Loaded Hex Bar Jump Landing Does Not Increase Frontal Plane Knee Angles And Torques

Abstract

PURPOSE: To determine if loaded Hexagonal Barbell (HB) jump-landings elicit hip/knee kinematics and kinetics patterns typical of ACL injury during the landing phase of this exercise. METHODS: 10 male NCAA athletes (20.4 + 2.4 y; 108.8 + 14.0 kg) performed 5 maximal HB jumps at 0% (control), 20%, 40%, and 60% of their HB deadlift 1-repetition maximum (mean: 216.6 ± 10.9 kg). A 45 marker full body model was utilized to collect the dominant limb landing phase of the maximal HB jumps using a 10 camera Vicon motion + AMTI force plate capture system (200 Hz/1000 Hz). Plug in Gait analysis yielded peak hip, knee flexion and adduction angles as well as and peak hip, knee sagittal and frontal plane torques. A RMANOVA with Fisher’s post hoc was used to evaluate differences (p < 0.05). RESULTS: Loads in peak hip adduction angle decreased (0%: -10.516° + 4.001, 20%: -5.089° + 3.600, 40%: -4.853° + 4.071, 60%: -4.846° + 4.538; p ≤ 0.0001); with post hoc noting 20, 40 and 60 were lower than the control (p = 0.0001) but not between loaded conditions. Peak knee flexion angle decreased with increased loads (0%: -69.723° + 13.231, 20%: -69.884° + 11.282, 40%: -66.103° + 9.902, 60%: -64.558° + 9.757; p = 0.03); with differences noted 60% lower than the control (p = 0.01) and 20% (p = 0.01).
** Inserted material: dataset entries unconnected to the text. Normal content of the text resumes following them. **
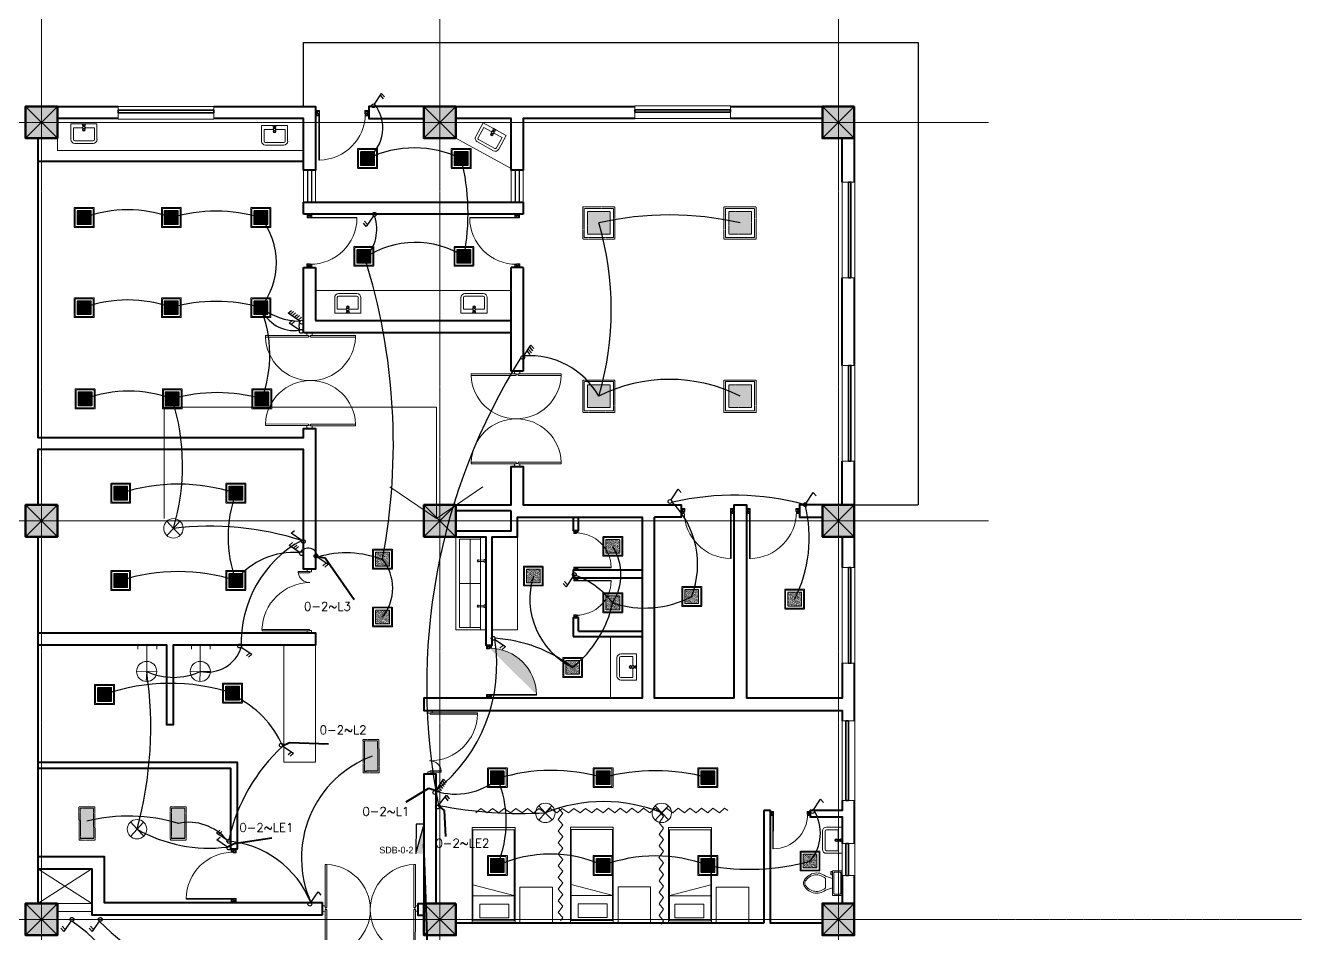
# Model space of a CAD drawing. Header units: millimetres. Extents: x 2399484 to 3337895, y 3598750 to 3969149.
# Drawn here: x 2460340 to 2484358, y 3896859 to 3913948 of the extents above; entities that cross this region are included whole.
import ezdxf

# ---------------------------------------------------------------- set-up
doc = ezdxf.new("R2010")
doc.units = ezdxf.units.MM
doc.header["$MEASUREMENT"] = 0
doc.linetypes.add('CENTER', pattern=[2, 1.25, -0.25, 0.25, -0.25])
doc.linetypes.add('DASHED', pattern=[0.75, 0.5, -0.25])
for name, color, linetype, lineweight in [('0newfurnture', 30, 'Continuous', 15), ('4 DB BOXES', 3, 'Continuous', 25), ('5 DB BOXES', 3, 'Continuous', 25), ('centreline', 52, 'CENTER', 5), ('Column-0.5', 14, 'Continuous', 50), ('conduit Light & fan City', 30, 'Continuous', 5), ('door', 41, 'Continuous', 5), ('Door Opening-0.09', 253, 'Continuous', 9), ('Furniture Hospital-0.09', 44, 'Continuous', 9), ('greenery', 82, 'Continuous', 5), ('Hatch', 9, 'Continuous', 9), ('hidden lines', 205, 'DASHED', 5), ('Sill Level', 140, 'Continuous', 20), ('stairs', 6, 'Continuous', 25), ('Switches', 173, 'Continuous', 15), ('WALL 0.2', 7, 'Continuous', 20), ('wall 0.4', 7, 'Continuous', 40), ('WINDOW', 152, 'Continuous', 30), ('Windows Plan', 152, 'Continuous', 35)]:
    doc.layers.add(name, color=color, linetype=linetype, lineweight=lineweight)
for name, color, linetype in [('1 x 4 recessed', 80, 'CENTER'), ('2 x 11 recessed', 60, 'CENTER'), ('ceilling fan', 3, 'Continuous'), ('emergencylight', 1, 'Continuous'), ('thrtywpanel', 7, 'Continuous'), ('wire powered ups', 3, 'Continuous'), ('Wires', 1, 'Continuous')]:
    doc.layers.add(name, color=color, linetype=linetype)
doc.styles.add('arial.', font='arial.ttf')
doc.styles.add('romans', font='romans.shx')
doc.styles.get("Standard").update_dxf_attribs({"font": 'arial.ttf'})
doc.linetypes.add('ZIGZAG', pattern='A,0.0001,-0.2,[131,ltypeshp.shx,S=0.2,R=0,X=-0.2,Y=0],-0.4,[131,ltypeshp.shx,S=0.2,R=180,X=0.2,Y=0],-0.2', length=0.8001)
doc.dimstyles.get("Standard").update_dxf_attribs({"dimtxt": 500, "dimasz": 100, "dimexe": 100, "dimexo": 200, "dimgap": 0.09, "dimtad": 0, "dimtoh": 1, "dimdec": 0, "dimzin": 0, "dimdsep": 46, "dimtxsty": 'Standard', "dimblk": 'DOT', "dimcen": 0, "dimclrd": 256, "dimclre": 256, "dimclrt": 256, "dimadec": 0, "dimazin": 0, "dimtfac": 1, "dimtdec": 0, "dimtofl": 0, "dimtmove": 0, "dimatfit": 3, "dimfxl": 1, "dimtolj": 1, "dimtzin": 0, "dimlwd": -1, "dimlwe": -1, "dimarcsym": 1})

# ---------------------------------------------------------------- blocks, each defined once
blk = doc.blocks.new("door 3'3")
at = {"layer": 'door'}
for p, q in [((82769.36, -31237.4), (82769.36, -31203.37)), ((82769.84, -31203.37), (82769.36, -31203.37)), ((82769.84, -31237.4), (82769.84, -31203.37))]:
    blk.add_line(p, q, dxfattribs=at)
at = {"layer": 'door', "ltscale": 80}
for points in [[(82769.84, -31239.84), (82767.36, -31239.84), (82767.36, -31239.37), (82766.88, -31239.37), (82766.88, -31236.38), (82767.36, -31236.38), (82767.36, -31235.91), (82769.36, -31235.91), (82769.36, -31237.4), (82769.84, -31237.4)], [(82802.93, -31239.84), (82805.41, -31239.84), (82805.41, -31239.37), (82805.88, -31239.37), (82805.88, -31236.38), (82805.41, -31236.38), (82805.41, -31235.91), (82803.4, -31235.91), (82803.4, -31237.4), (82802.93, -31237.4)]]:
    blk.add_lwpolyline(points, close=True, dxfattribs=at)
blk.add_arc((82769.36, -31237.4), 34.04, 0, 89.20471, dxfattribs=at)
at = {"layer": 'Hatch'}
for centre, radius, start, end in [((82767.7, -31239.85), 2.68, 36.75824, 107.53286), ((82767.27, -31240.34), 1.96, 14.76809, 101.35249), ((82768.07, -31239.12), 3.04, 64.81981, 103.53483), ((82757.2, -31236.2), 10.64, 342.68423, 1.60142), ((82764.36, -31235.92), 4.57, 311.03249, 0.21009), ((82767.3, -31236.13), 3.25, 271.0473, 321.53187), ((82805.07, -31239.85), 2.68, 72.46714, 143.24176), ((82805.47, -31236.13), 3.25, 218.46813, 268.9527), ((82804.7, -31239.12), 3.04, 76.46517, 115.18019), ((82805.49, -31240.34), 1.96, 78.64751, 165.23191), ((82808.41, -31235.92), 4.57, 179.78991, 228.96751), ((82815.57, -31236.2), 10.64, 178.39858, 197.31577)]:
    blk.add_arc(centre, radius, start, end, dxfattribs=at)
blk = doc.blocks.new('BED')
at = {"layer": 'Furniture Hospital-0.09'}
for p, q in [((-2.12, 0.475), (-2.12, -0.475)), ((-2.12, -0.475), (-2.12, 0.475)), ((-0.008, 0.475), (-2.12, 0.475)), ((-2.07, 0.475), (-2.07, -0.475)), ((-0.058, 0.455), (-2.07, 0.455)), ((-0.855, -0.455), (-0.61, 0.475)), ((-0.61, 0.475), (-0.61, -0.455)), ((-0.425, 0.336), (-0.426, -0.303)), ((-0.425, 0.336), (-0.121, 0.336)), ((-0.121, -0.303), (-0.121, 0.336)), ((-0.058, -0.475), (-0.058, 0.475)), ((-0.008, -0.475), (-0.008, 0.475)), ((-2.12, -0.475), (-0.008, -0.475)), ((-2.07, -0.455), (-0.058, -0.455)), ((-0.426, -0.303), (-0.121, -0.303))]:
    blk.add_line(p, q, dxfattribs=at)
blk = doc.blocks.new('MAIN DOOR')
at = {"layer": 'door', "ltscale": 1000}
for points in [[(2313.47, 188.53), (2347.4, 188.53), (2347.4, 187.28), (2313.47, 187.28)], [(2381.32, 188.53), (2348.88, 188.53), (2348.88, 187.28), (2381.32, 187.28)]]:
    blk.add_lwpolyline(points, close=True, dxfattribs=at)
for points in [[(2346.08, 190.6), (2346.08, 188.53)], [(2348.88, 188.12), (2347.4, 188.12), (2347.4, 188.53), (2346.08, 188.53), (2346.08, 190.6), (2350.2, 190.6)], [(2347.4, 188.12), (2348.88, 188.12), (2348.88, 188.53), (2350.2, 188.53), (2350.2, 190.6), (2346.08, 190.6)], [(2350.2, 190.6), (2350.2, 188.53)], [(2313.41, 120.66), (2347.33, 120.66), (2347.33, 121.91), (2313.41, 121.91), (2313.41, 120.66)], [(2348.82, 121.07), (2347.33, 121.07), (2347.33, 120.66), (2346.01, 120.66), (2346.01, 118.6), (2350.14, 118.6)], [(2347.33, 121.07), (2348.82, 121.07), (2348.82, 120.66), (2350.14, 120.66), (2350.14, 118.6), (2346.01, 118.6)], [(2346.01, 118.6), (2346.01, 120.66)], [(2381.26, 120.66), (2348.82, 120.66), (2348.82, 121.91), (2381.26, 121.91), (2381.26, 120.66)], [(2350.14, 118.6), (2350.14, 120.66)]]:
    blk.add_lwpolyline(points, dxfattribs=at)
at = {"layer": 'Door Opening-0.09', "ltscale": 1000}
for centre, radius, start, end in [((2347.4, 188.53), 33.94, 182.11678, 357.88255), ((2347.33, 120.66), 33.95, 2.11669, 177.88264)]:
    blk.add_arc(centre, radius, start, end, dxfattribs=at)
at = {"layer": 'WINDOW', "ltscale": 5}
blk.add_line((2350.14, 190.6), (2350.14, 190.6), dxfattribs=at)
blk = doc.blocks.new("door 5'")
at = {"layer": 'door', "ltscale": 1000}
for points in [[(2177525, 4317078), (2177525, 4317062), (2177516, 4317062), (2177516, 4317020), (2177473, 4317020), (2177474, 4317105)], [(2177525, 4317062), (2177525, 4317105), (2177474, 4317105), (2177473, 4317020)], [(2177473, 4317020), (2177516, 4317020)], [(2177474, 4317105), (2177516, 4317105)], [(2178697, 4316120), (2178697, 4317060), (2178671, 4317060), (2178671, 4316120), (2178697, 4316120)], [(2178689, 4317076), (2178689, 4317060), (2178697, 4317060), (2178697, 4317018), (2178740, 4317018), (2178740, 4317104)], [(2178689, 4317060), (2178689, 4317104), (2178740, 4317104), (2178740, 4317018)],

Peak sagittal knee torque increased (0%: 2.511 N.mm/kg + .616, 20%: 2.646 N.mm/kg + .728, 40%: 2.314 N.mm/kg + .668, 60%:2.233 N.mm/kg + .516; p = 0.43); with 20% exhibiting lower values than 40% (p = 0.03) and 60% (p = 0.01). Peak sagittal hip torque increased (0%: 3.390 N.mm/kg + 1.518, 20%: 2.946 N.mm/kg + 1.515, 40%: 2.293 N.mm/kg + 1.038, 60%: 1.727 N.mm/kg + .869; p = <0.0001) with lower values for 40% compared to 20% (p = 0.03) and control (p = 0.0009) and significantly lower hip torque values for 60% compared to 20% (p = 0.0003) and control (p < 0.0001). No significant differences were found in peak hip flexion angle, peak knee varus angle, peak frontal plane knee torque, and peak frontal plane hip torque (p > 0.251). CONCLUSIONS: Higher loads during the landing portion of a hex bar jump result in decreased hip peak hip adduction and a more erect, less flexed knee. However, increased HB loads did not appear to incite the representative ACL injury factors of higher frontal plane knee valgus angles or torques.